When sending data up to the model via REST api (before adding this inference schema), everything works fine and I get results returned. However, once adding the schema as described in the instructions linked above and personalising to my data, the same data sent via REST api only returns the error "list index out of range". The deployment goes ahead fine and is designated as "healthy" with no error messages.
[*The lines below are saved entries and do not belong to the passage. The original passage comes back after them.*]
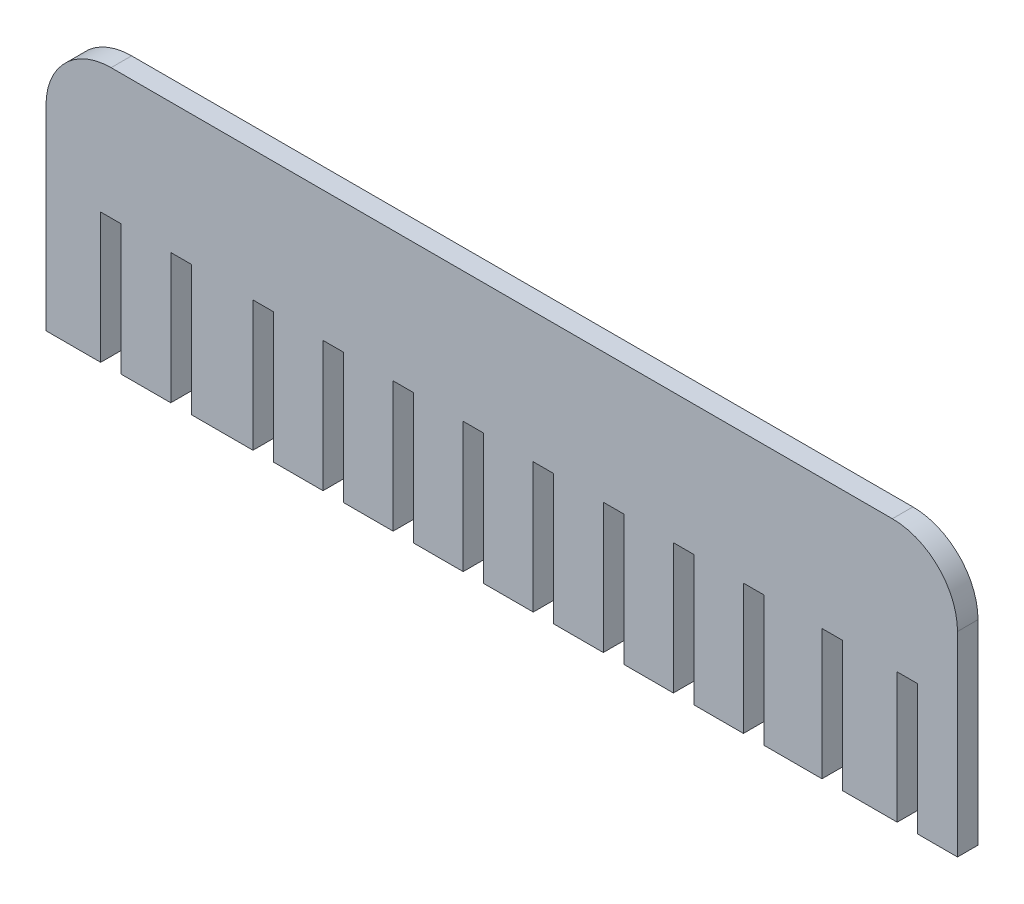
ISO-10303-21;
HEADER;
FILE_DESCRIPTION(('STEP AP214'),'2;1');
FILE_NAME('part.step','',(''),(''),'','','');
FILE_SCHEMA(('AUTOMOTIVE_DESIGN { 1 0 10303 214 1 1 1 1 }'));
ENDSEC;
DATA;
#1=APPLICATION_CONTEXT('core data for automotive mechanical design processes');
#2=APPLICATION_PROTOCOL_DEFINITION('international standard','automotive_design',2000,#1);
#3=PRODUCT_CONTEXT('',#1,'mechanical');
#4=PRODUCT('Part','Part','',(#3));
#5=PRODUCT_RELATED_PRODUCT_CATEGORY('part','',(#4));
#6=PRODUCT_DEFINITION_FORMATION('','',#4);
#7=PRODUCT_DEFINITION_CONTEXT('part definition',#1,'design');
#8=PRODUCT_DEFINITION('design','',#6,#7);
#9=PRODUCT_DEFINITION_SHAPE('','',#8);
#10=(LENGTH_UNIT() NAMED_UNIT(*) SI_UNIT(.MILLI.,.METRE.));
#11=(NAMED_UNIT(*) PLANE_ANGLE_UNIT() SI_UNIT($,.RADIAN.));
#12=(NAMED_UNIT(*) SI_UNIT($,.STERADIAN.) SOLID_ANGLE_UNIT());
#13=UNCERTAINTY_MEASURE_WITH_UNIT(LENGTH_MEASURE(1.E-05),#10,'distance_accuracy_value','');
#14=(GEOMETRIC_REPRESENTATION_CONTEXT(3) GLOBAL_UNCERTAINTY_ASSIGNED_CONTEXT((#13)) GLOBAL_UNIT_ASSIGNED_CONTEXT((#10,
#11,#12)) REPRESENTATION_CONTEXT('',''));
#15=CARTESIAN_POINT('',(0.,0.,0.));
#16=DIRECTION('',(0.,0.,1.));
#17=DIRECTION('',(1.,0.,0.));
#18=AXIS2_PLACEMENT_3D('',#15,#16,#17);
#19=CARTESIAN_POINT('',(51.146000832,38.1,4.000000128));
#20=DIRECTION('',(0.,1.,0.));
#21=DIRECTION('',(0.,0.,1.));
#22=AXIS2_PLACEMENT_3D('',#19,#20,#21);
#23=PLANE('',#22);
#24=DIRECTION('',(1.,0.,0.));
#25=VECTOR('',#24,1.);
#26=CARTESIAN_POINT('',(77.1360001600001,38.1,0.));
#27=LINE('',#26,#25);
#28=CARTESIAN_POINT('',(66.46800016,38.1,0.));
#29=VERTEX_POINT('',#28);
#30=CARTESIAN_POINT('',(77.1360001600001,38.1,0.));
#31=VERTEX_POINT('',#30);
#32=EDGE_CURVE('E391',#29,#31,#27,.T.);
#33=ORIENTED_EDGE('',*,*,#32,.T.);
#34=DIRECTION('',(0.,0.,-1.));
#35=VECTOR('',#34,1.);
#36=CARTESIAN_POINT('',(77.1360001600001,38.1,4.000000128));
#37=LINE('',#36,#35);
#38=CARTESIAN_POINT('',(77.1360001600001,38.1,4.000000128));
#39=VERTEX_POINT('',#38);
#40=EDGE_CURVE('E375',#39,#31,#37,.T.);
#41=ORIENTED_EDGE('',*,*,#40,.F.);
#42=DIRECTION('',(-1.,0.,0.));
#43=VECTOR('',#42,1.);
#44=CARTESIAN_POINT('',(-88.9,38.1,4.000000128));
#45=LINE('',#44,#43);
#46=CARTESIAN_POINT('',(66.4680001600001,38.1,4.000000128));
#47=VERTEX_POINT('',#46);
#48=EDGE_CURVE('E877',#39,#47,#45,.T.);
#49=ORIENTED_EDGE('',*,*,#48,.T.);
#50=DIRECTION('',(0.,0.,1.));
#51=VECTOR('',#50,1.);
#52=CARTESIAN_POINT('',(66.46800016,38.1,4.000000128));
#53=LINE('',#52,#51);
#54=EDGE_CURVE('E398',#29,#47,#53,.T.);
#55=ORIENTED_EDGE('',*,*,#54,.F.);
#56=EDGE_LOOP('',(#33,#41,#49,#55));
#57=FACE_BOUND('',#56,.T.);
#58=ADVANCED_FACE('F35',(#57),#23,.F.);
#59=CARTESIAN_POINT('',(51.146000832,38.1,0.));
#60=VERTEX_POINT('',#59);
#61=CARTESIAN_POINT('',(62.468000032,38.1,0.));
#62=VERTEX_POINT('',#61);
#63=EDGE_CURVE('E400',#60,#62,#27,.T.);
#64=ORIENTED_EDGE('',*,*,#63,.T.);
#65=DIRECTION('',(0.,0.,-1.));
#66=VECTOR('',#65,1.);
#67=CARTESIAN_POINT('',(62.468000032,38.1,4.000000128));
#68=LINE('',#67,#66);
#69=CARTESIAN_POINT('',(62.468000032,38.1,4.000000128));
#70=VERTEX_POINT('',#69);
#71=EDGE_CURVE('E385',#70,#62,#68,.T.);
#72=ORIENTED_EDGE('',*,*,#71,.F.);
#73=DIRECTION('',(1.,0.,0.));
#74=VECTOR('',#73,1.);
#75=CARTESIAN_POINT('',(51.146000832,38.1,4.000000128));
#76=LINE('',#75,#74);
#77=CARTESIAN_POINT('',(51.146000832,38.1,4.000000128));
#78=VERTEX_POINT('',#77);
#79=EDGE_CURVE('E638',#78,#70,#76,.T.);
#80=ORIENTED_EDGE('',*,*,#79,.F.);
#81=DIRECTION('',(0.,0.,-1.));
#82=VECTOR('',#81,1.);
#83=CARTESIAN_POINT('',(51.146000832,38.1,4.000000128));
#84=LINE('',#83,#82);
#85=EDGE_CURVE('E414',#78,#60,#84,.T.);
#86=ORIENTED_EDGE('',*,*,#85,.T.);
#87=EDGE_LOOP('',(#64,#72,#80,#86));
#88=FACE_BOUND('',#87,.T.);
#89=ADVANCED_FACE('F636',(#88),#23,.F.);
#90=CARTESIAN_POINT('',(0.,0.,4.000000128));
#91=DIRECTION('',(0.,0.,-1.));
#92=DIRECTION('',(-1.,0.,0.));
#93=AXIS2_PLACEMENT_3D('',#90,#91,#92);
#94=PLANE('',#93);
#95=DIRECTION('',(0.,-1.,0.));
#96=VECTOR('',#95,1.);
#97=CARTESIAN_POINT('',(-88.9,-88.9,4.000000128));
#98=LINE('',#97,#96);
#99=CARTESIAN_POINT('',(-88.9,76.2,4.000000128));
#100=VERTEX_POINT('',#99);
#101=CARTESIAN_POINT('',(-88.9,38.1,4.000000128));
#102=VERTEX_POINT('',#101);
#103=EDGE_CURVE('E413',#100,#102,#98,.T.);
#104=ORIENTED_EDGE('',*,*,#103,.T.);
#105=CARTESIAN_POINT('',(-78.232,38.1,4.000000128));
#106=VERTEX_POINT('',#105);
#107=EDGE_CURVE('E873',#106,#102,#45,.T.);
#108=ORIENTED_EDGE('',*,*,#107,.F.);
#109=DIRECTION('',(0.,1.,0.));
#110=VECTOR('',#109,1.);
#111=CARTESIAN_POINT('',(-78.232,-88.9,4.000000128));
#112=LINE('',#111,#110);
#113=CARTESIAN_POINT('',(-78.232,63.5,4.000000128));
#114=VERTEX_POINT('',#113);
#115=EDGE_CURVE('E732',#106,#114,#112,.T.);
#116=ORIENTED_EDGE('',*,*,#115,.T.);
#117=DIRECTION('',(-1.,0.,0.));
#118=VECTOR('',#117,1.);
#119=CARTESIAN_POINT('',(-78.232,63.5,4.000000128));
#120=LINE('',#119,#118);
#121=CARTESIAN_POINT('',(-74.231999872,63.5,4.000000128));
#122=VERTEX_POINT('',#121);
#123=EDGE_CURVE('E703',#122,#114,#120,.T.);
#124=ORIENTED_EDGE('',*,*,#123,.F.);
#125=DIRECTION('',(0.,-1.,0.));
#126=VECTOR('',#125,1.);
#127=CARTESIAN_POINT('',(-74.231999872,-88.9,4.000000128));
#128=LINE('',#127,#126);
#129=CARTESIAN_POINT('',(-74.231999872,38.1,4.000000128));
#130=VERTEX_POINT('',#129);
#131=EDGE_CURVE('E734',#122,#130,#128,.T.);
#132=ORIENTED_EDGE('',*,*,#131,.T.);
#133=CARTESIAN_POINT('',(-64.563999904,38.1,4.000000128));
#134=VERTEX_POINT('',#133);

Any help would be greatly appreciated. Thanks.

EDIT:

Entry script:

 import numpy as np
 import pandas as pd
 import joblib
 from azureml.core.model import Model
    
 from inference_schema.schema_decorators import input_schema, output_schema
 from inference_schema.parameter_types.standard_py_parameter_type import StandardPythonParameterType
 from inference_schema.parameter_types.numpy_parameter_type import NumpyParameterType
 from inference_schema.parameter_types.pandas_parameter_type import PandasParameterType
    
 def init():
     global model
     #Model name is the name of the model registered under the workspace
     model_path = Model.get_model_path(model_name = 'databricksmodelpowerbi2')
     model = joblib.load(model_path)
    
 #Provide 3 sample inputs for schema generation for 2 rows of data
 numpy_sample_input = NumpyParameterType(np.array([[2400.0, 78.26086956521739, 11100.0, 3.612565445026178, 3.0, 0.0], [368.55, 96.88311688311687, 709681.1600000012, 73.88059701492537, 44.0, 0.0]], dtype = 'float64'))
 pandas_sample_input = PandasParameterType(pd.DataFrame({'1': [2400.0, 368.55], '2': [78.26086956521739, 96.88311688311687], '3': [11100.0, 709681.1600000012], '4': [3.612565445026178, 73.88059701492537], '5': [3.0, 44.0], '6': [0.0, 0.0]}))
 standard_sample_input = StandardPythonParameterType(0.0)
    
 # This is a nested input sample, any item wrapped by `ParameterType` will be described by schema
 sample_input = StandardPythonParameterType({'input1': numpy_sample_input, 
                                             'input2': pandas_sample_input, 
                                             'input3': standard_sample_input})
    
 sample_global_parameters = StandardPythonParameterType(1.0) #this is optional
 sample_output = StandardPythonParameterType([1.0, 1.0])
    
 @input_schema('inputs', sample_input)
 @input_schema('global_parameters', sample_global_parameters) #this is optional
 @output_schema(sample_output)
    
 def run(inputs, global_parameters):
     try:
         data = inputs['input1']
         # data will be convert to target format
         assert isinstance(data, np.ndarray)
         result = model.predict(data)
         return result.tolist()
     except Exception as e:
         error = str(e)
         return error

Prediction script:

 import requests
 import json
 from ast import literal_eval
    
 # URL for the web service
 scoring_uri = ''
 ## If the service is authenticated, set the key or token
 #key = '<your key or token>'
    
 # Two sets of data to score, so we get two results back
 data = {"data": [[2400.0, 78.26086956521739, 11100.0, 3.612565445026178, 3.0, 0.0], [368.55, 96.88311688311687, 709681.1600000012, 73.88059701492537, 44.0, 0.0]]}
 # Convert to JSON string
 input_data = json.dumps(data)
    
 # Set the content type
 headers = {'Content-Type': 'application/json'}
 ## If authentication is enabled, set the authorization header
 #headers['Authorization'] = f'Bearer {key}'
    
 # Make the request and display the response
 resp = requests.post(scoring_uri, input_data, headers=headers)
 print(resp.text)
    
 result = literal_eval(resp.text)

Solution

  • The Microsoft documentation say's: "In order to generate conforming swagger for automated web service consumption, scoring script run() function must have API shape of:

    A first parameter of type "StandardPythonParameterType", named Inputs and nested.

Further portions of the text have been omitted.